What is being asked:
Copy out, from the entries below, each line that holds the string "RaggioTransizione".

Dataset records:

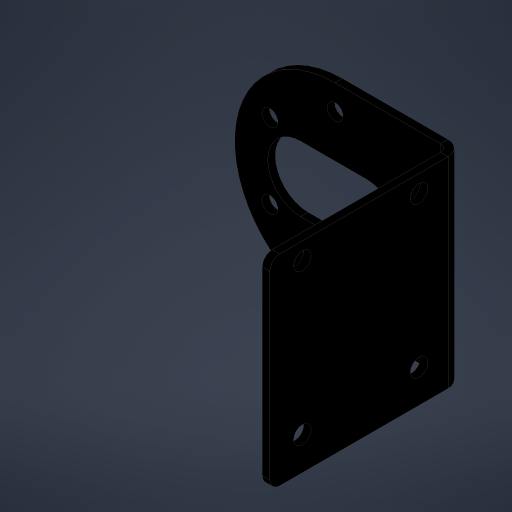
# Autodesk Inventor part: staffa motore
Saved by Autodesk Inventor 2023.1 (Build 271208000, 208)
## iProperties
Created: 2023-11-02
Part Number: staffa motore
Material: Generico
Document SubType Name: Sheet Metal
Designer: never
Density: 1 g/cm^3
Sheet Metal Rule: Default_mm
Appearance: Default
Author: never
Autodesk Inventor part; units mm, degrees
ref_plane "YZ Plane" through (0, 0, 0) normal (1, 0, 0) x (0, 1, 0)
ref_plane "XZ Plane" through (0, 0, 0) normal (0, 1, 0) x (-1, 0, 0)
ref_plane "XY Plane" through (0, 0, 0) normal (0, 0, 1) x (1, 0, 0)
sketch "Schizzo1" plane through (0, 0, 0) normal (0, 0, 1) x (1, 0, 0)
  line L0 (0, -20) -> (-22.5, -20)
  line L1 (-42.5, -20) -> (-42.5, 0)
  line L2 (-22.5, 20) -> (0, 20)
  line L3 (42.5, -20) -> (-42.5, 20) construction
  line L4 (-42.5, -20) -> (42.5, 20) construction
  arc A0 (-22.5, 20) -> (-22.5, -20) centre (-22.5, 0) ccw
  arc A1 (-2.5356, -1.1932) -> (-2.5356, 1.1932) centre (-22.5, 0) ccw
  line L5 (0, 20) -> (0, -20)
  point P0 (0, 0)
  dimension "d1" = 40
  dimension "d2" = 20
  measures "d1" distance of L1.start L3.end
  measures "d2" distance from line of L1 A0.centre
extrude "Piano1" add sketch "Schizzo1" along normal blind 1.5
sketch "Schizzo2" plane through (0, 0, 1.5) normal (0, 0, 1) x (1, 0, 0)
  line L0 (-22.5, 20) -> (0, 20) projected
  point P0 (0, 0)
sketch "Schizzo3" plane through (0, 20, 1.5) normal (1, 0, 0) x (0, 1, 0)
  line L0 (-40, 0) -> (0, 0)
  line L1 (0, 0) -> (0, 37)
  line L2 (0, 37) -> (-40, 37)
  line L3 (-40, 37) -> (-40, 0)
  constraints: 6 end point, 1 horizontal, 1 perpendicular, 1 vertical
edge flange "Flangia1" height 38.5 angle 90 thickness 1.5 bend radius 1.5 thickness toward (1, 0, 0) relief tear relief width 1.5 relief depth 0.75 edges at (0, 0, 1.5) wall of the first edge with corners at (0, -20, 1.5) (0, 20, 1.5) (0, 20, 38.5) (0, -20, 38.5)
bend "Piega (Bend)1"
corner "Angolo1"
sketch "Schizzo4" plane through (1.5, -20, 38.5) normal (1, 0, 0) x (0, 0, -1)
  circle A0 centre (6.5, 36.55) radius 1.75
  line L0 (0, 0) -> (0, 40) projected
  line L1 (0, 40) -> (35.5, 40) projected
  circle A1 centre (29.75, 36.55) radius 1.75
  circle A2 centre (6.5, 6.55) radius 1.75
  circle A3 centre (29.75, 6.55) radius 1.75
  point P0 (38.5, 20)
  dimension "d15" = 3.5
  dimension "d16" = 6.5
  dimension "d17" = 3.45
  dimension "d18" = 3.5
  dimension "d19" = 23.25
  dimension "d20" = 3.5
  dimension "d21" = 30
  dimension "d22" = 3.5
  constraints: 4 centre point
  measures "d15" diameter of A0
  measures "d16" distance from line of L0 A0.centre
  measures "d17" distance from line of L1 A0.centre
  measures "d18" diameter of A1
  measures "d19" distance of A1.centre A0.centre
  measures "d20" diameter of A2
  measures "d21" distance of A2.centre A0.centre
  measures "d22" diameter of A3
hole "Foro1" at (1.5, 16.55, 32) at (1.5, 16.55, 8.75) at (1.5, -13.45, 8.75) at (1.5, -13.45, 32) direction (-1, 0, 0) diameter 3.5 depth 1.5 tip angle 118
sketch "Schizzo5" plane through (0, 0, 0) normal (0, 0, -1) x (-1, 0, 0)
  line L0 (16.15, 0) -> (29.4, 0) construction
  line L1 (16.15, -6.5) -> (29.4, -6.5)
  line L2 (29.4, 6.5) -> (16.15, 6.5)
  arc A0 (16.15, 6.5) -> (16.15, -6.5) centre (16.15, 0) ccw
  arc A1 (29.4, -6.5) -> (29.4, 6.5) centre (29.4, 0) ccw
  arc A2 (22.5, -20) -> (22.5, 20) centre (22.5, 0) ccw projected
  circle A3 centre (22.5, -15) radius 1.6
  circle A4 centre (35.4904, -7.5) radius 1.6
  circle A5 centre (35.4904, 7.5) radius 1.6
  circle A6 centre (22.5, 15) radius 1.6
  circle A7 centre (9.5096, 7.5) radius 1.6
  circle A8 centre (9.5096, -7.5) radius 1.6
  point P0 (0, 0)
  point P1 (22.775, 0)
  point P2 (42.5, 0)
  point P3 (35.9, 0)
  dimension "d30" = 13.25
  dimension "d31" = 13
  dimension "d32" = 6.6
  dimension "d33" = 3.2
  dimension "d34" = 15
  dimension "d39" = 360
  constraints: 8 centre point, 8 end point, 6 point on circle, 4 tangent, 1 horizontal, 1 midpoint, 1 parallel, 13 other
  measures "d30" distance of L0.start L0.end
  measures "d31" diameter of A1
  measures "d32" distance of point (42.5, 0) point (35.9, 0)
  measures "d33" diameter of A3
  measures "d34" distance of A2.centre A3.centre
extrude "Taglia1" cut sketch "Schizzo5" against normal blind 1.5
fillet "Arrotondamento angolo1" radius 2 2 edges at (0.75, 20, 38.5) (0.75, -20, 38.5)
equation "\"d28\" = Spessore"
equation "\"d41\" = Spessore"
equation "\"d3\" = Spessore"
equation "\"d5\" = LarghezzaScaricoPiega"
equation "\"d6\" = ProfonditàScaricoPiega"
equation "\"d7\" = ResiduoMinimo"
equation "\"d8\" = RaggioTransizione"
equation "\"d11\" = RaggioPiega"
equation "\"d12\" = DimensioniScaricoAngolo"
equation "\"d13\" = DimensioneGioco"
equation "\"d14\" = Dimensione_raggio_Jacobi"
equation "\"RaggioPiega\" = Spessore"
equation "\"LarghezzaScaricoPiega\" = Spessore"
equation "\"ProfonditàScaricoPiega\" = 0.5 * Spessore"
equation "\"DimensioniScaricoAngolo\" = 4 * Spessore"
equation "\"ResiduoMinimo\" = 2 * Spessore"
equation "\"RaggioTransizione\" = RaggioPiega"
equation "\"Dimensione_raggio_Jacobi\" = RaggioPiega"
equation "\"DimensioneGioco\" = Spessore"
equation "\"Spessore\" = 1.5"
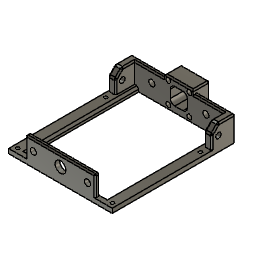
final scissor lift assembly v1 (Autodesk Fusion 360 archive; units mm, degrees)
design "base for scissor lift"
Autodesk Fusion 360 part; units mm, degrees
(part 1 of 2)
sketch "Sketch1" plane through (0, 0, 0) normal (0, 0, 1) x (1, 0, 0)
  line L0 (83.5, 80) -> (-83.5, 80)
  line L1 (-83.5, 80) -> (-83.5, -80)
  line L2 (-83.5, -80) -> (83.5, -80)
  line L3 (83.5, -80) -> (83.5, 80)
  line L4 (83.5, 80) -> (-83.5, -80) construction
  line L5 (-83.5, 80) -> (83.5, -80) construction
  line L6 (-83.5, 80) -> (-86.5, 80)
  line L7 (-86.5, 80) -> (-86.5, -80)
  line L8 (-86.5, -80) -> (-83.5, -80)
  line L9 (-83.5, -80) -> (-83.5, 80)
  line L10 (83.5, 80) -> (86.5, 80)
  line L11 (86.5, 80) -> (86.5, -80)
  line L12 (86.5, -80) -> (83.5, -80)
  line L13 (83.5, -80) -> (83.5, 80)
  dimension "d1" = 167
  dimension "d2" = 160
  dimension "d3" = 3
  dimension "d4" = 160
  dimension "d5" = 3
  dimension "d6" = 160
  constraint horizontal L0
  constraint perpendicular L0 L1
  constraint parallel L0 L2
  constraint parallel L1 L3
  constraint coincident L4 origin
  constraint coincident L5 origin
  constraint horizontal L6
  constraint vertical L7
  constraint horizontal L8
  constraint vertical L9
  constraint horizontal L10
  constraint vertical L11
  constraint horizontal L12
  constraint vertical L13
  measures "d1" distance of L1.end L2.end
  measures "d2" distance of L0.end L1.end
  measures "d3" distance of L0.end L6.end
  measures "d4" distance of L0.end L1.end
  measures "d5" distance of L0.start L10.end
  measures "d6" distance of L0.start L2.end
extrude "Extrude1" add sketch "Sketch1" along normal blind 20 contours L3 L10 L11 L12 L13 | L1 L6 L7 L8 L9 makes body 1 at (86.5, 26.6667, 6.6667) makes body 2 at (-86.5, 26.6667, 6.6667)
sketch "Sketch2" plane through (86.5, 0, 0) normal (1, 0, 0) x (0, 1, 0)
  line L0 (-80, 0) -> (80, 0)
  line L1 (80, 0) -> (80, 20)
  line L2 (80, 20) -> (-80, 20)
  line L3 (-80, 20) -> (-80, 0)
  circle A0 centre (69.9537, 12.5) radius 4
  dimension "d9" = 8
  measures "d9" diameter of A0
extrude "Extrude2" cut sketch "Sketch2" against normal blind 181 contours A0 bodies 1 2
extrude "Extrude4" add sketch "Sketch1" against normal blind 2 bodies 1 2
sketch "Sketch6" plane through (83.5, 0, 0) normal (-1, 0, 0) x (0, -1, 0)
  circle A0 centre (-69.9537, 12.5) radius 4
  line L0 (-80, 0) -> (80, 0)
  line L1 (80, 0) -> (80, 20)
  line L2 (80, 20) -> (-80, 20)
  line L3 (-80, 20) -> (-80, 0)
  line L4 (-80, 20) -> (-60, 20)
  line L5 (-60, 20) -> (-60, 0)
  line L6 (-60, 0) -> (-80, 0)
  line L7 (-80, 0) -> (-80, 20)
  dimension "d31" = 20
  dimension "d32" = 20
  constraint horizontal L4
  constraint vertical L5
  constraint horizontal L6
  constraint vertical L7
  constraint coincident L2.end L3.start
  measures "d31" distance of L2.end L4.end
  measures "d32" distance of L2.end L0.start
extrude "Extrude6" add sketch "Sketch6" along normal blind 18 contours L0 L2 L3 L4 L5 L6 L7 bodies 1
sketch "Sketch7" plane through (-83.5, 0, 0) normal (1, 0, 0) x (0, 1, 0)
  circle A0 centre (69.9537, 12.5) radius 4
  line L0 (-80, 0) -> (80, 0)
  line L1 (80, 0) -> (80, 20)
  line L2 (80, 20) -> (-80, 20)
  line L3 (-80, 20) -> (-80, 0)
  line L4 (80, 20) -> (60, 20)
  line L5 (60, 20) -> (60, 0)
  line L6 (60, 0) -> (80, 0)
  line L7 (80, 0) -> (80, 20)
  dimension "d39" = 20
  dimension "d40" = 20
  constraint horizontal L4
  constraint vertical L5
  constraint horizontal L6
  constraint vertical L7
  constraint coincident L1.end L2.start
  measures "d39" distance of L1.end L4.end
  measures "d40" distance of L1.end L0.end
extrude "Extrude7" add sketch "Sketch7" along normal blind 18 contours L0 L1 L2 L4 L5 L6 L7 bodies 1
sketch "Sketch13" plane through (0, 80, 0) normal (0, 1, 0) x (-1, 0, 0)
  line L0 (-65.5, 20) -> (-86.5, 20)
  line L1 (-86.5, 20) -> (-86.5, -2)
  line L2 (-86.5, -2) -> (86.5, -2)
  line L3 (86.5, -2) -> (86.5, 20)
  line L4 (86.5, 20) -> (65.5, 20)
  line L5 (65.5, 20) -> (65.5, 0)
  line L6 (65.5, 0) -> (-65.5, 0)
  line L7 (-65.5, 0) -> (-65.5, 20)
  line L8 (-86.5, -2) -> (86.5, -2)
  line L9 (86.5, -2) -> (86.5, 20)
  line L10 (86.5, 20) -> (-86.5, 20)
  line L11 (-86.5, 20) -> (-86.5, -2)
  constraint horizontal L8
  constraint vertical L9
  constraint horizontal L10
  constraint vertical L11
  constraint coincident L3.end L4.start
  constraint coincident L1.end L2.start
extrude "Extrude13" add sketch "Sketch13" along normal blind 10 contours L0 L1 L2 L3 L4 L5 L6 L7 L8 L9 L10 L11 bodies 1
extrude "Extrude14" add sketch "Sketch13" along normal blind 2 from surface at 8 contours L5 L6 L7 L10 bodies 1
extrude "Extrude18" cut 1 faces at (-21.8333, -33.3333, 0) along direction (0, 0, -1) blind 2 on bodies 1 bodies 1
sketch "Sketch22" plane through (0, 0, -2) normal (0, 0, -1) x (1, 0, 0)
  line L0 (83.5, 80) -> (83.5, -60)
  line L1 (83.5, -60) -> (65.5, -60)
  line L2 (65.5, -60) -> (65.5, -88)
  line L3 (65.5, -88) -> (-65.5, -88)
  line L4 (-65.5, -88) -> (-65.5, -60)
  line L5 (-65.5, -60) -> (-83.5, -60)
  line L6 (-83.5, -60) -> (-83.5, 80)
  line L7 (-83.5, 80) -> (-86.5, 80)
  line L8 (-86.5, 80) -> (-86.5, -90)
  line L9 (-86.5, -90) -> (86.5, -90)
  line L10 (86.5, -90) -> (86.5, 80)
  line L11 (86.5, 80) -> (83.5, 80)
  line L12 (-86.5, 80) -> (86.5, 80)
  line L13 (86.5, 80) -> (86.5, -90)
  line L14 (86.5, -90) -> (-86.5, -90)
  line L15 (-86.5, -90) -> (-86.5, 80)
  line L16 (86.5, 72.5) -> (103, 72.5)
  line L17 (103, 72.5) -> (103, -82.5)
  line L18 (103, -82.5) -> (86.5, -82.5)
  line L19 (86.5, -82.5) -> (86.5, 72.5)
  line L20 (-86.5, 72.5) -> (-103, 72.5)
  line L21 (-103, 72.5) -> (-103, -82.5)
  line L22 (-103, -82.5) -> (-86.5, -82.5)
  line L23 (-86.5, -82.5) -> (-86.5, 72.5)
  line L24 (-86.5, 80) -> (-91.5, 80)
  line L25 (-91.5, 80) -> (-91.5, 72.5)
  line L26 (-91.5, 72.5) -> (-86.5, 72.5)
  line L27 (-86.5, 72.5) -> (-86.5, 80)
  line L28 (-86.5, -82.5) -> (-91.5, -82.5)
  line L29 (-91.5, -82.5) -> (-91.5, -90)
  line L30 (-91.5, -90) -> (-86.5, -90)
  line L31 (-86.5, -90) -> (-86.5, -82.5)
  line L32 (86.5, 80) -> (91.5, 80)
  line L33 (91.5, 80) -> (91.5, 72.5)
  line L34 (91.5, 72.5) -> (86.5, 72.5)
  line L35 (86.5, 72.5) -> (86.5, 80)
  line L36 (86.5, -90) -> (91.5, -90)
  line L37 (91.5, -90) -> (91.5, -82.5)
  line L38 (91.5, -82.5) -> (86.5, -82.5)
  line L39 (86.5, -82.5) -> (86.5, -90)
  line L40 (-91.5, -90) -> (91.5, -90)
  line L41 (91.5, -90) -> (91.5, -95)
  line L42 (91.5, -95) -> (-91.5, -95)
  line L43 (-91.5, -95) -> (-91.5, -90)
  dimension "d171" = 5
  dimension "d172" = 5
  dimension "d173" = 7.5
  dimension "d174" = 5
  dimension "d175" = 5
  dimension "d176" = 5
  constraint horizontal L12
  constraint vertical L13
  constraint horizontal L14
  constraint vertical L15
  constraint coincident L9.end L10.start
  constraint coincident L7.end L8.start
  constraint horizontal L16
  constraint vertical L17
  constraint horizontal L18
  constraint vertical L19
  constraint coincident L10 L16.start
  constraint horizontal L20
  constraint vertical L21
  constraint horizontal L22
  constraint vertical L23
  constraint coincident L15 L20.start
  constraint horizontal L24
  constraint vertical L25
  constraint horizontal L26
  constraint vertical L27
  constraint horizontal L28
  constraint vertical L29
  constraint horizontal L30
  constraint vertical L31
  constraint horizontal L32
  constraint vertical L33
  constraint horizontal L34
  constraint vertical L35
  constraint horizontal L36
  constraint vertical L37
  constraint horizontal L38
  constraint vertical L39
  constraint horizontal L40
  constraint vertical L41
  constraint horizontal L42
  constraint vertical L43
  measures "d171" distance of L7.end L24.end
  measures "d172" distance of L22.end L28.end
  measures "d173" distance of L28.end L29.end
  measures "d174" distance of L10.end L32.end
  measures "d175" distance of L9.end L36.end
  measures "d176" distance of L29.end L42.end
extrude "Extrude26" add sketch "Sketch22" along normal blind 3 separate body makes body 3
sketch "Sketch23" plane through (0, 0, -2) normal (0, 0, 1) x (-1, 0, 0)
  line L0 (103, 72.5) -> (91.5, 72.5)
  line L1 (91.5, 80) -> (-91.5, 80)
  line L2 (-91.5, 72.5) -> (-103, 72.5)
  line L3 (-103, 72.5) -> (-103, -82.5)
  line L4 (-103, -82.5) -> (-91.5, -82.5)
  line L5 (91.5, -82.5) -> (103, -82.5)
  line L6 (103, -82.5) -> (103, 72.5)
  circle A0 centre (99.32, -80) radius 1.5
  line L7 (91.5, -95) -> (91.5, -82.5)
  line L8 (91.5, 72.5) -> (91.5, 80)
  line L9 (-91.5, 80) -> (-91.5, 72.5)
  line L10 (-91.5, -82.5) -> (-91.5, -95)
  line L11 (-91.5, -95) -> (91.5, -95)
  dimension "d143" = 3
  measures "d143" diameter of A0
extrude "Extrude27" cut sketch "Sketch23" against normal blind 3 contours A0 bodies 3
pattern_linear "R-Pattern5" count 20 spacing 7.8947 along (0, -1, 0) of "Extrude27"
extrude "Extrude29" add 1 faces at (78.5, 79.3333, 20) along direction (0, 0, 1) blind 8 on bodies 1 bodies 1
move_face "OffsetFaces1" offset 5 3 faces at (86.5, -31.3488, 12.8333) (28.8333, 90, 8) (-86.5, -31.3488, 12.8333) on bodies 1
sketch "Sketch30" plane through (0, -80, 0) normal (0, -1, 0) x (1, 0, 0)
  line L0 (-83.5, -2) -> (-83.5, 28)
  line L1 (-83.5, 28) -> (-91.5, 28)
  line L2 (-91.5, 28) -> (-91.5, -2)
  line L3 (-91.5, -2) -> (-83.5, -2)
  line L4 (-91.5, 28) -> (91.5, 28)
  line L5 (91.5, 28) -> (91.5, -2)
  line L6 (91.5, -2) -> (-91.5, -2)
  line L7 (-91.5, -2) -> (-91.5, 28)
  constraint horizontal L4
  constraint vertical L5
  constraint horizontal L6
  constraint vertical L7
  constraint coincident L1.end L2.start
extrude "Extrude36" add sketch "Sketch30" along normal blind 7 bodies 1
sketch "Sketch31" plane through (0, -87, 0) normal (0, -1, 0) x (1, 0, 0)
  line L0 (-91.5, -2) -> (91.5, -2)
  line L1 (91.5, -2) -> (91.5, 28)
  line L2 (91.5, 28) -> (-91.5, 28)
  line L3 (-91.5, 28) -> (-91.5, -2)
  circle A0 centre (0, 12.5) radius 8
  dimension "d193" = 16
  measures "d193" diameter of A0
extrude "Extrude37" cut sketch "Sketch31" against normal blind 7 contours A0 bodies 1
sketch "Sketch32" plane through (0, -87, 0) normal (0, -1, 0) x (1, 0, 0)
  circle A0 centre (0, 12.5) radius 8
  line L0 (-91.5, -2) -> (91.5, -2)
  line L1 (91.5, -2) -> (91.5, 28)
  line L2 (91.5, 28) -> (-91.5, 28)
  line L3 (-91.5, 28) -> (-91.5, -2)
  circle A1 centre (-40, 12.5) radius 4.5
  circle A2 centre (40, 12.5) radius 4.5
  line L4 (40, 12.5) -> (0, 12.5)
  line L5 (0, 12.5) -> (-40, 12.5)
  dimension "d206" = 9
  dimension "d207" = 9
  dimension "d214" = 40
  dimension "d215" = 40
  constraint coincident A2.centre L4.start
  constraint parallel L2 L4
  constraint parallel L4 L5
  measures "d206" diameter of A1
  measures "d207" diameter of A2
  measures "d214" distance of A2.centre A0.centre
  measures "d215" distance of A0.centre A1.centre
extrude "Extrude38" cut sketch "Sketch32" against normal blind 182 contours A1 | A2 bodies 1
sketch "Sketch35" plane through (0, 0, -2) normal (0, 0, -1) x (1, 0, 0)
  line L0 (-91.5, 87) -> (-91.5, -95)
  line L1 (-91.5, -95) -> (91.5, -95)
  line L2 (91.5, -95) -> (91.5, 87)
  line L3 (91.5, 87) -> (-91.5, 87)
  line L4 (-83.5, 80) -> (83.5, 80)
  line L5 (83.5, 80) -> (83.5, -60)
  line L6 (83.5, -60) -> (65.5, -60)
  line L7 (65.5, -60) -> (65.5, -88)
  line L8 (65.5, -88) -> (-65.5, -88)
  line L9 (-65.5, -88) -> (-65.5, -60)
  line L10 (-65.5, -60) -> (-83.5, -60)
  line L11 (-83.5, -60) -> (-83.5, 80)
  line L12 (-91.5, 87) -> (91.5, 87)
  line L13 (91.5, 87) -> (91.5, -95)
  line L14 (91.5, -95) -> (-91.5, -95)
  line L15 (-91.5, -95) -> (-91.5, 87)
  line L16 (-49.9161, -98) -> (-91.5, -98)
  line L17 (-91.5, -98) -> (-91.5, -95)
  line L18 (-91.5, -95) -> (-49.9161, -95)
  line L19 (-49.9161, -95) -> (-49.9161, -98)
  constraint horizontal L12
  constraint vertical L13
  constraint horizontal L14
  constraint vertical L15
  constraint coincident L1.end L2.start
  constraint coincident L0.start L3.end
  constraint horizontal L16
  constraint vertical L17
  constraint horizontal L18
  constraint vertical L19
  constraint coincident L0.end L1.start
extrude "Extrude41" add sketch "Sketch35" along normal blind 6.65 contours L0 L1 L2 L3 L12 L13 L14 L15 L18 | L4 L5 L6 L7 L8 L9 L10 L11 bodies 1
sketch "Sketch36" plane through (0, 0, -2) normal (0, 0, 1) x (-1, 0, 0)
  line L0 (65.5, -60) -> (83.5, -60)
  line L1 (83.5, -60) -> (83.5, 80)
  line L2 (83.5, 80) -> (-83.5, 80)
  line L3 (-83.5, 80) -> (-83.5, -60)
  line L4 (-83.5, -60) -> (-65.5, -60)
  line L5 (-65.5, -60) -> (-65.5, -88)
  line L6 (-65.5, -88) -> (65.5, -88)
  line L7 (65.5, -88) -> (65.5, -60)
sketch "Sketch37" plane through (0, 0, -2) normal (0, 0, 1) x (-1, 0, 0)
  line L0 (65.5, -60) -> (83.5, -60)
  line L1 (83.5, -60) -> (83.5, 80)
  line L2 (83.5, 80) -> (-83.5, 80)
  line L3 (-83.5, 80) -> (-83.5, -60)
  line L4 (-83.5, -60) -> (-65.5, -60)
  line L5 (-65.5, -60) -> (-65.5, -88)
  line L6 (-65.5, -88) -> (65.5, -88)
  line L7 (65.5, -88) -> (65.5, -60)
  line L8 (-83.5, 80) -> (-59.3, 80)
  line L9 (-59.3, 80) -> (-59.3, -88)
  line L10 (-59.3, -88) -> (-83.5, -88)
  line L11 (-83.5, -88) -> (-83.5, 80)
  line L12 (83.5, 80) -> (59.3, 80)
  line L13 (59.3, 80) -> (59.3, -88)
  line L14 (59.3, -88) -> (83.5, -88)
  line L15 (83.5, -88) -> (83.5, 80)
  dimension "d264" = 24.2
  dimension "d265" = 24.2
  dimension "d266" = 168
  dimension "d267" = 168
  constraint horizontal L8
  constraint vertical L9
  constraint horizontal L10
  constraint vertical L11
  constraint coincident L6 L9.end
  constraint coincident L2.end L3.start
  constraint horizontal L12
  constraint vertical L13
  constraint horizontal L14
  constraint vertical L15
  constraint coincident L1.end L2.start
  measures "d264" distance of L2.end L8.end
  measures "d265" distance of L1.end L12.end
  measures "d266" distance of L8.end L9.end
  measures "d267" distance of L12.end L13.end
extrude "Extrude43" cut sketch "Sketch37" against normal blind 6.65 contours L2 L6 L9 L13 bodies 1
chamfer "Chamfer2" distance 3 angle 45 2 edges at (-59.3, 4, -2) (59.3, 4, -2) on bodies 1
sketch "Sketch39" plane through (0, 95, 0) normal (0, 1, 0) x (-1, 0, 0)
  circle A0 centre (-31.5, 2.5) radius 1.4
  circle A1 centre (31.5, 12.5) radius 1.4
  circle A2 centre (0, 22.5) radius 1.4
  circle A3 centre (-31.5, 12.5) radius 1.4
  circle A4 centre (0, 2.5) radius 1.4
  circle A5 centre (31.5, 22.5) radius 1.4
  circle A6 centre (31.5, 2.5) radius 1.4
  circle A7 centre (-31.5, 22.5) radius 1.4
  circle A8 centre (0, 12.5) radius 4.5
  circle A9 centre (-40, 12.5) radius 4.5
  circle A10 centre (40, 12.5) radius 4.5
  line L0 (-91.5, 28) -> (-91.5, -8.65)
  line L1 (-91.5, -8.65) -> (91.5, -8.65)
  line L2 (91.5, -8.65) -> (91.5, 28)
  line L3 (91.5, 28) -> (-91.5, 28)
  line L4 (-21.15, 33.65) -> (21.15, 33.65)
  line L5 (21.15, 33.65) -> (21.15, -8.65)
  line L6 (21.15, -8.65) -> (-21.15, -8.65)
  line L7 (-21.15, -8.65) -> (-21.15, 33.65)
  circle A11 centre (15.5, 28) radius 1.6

Result for this exercise:
equation "\"d8\" = RaggioTransizione"
equation "\"RaggioTransizione\" = RaggioPiega"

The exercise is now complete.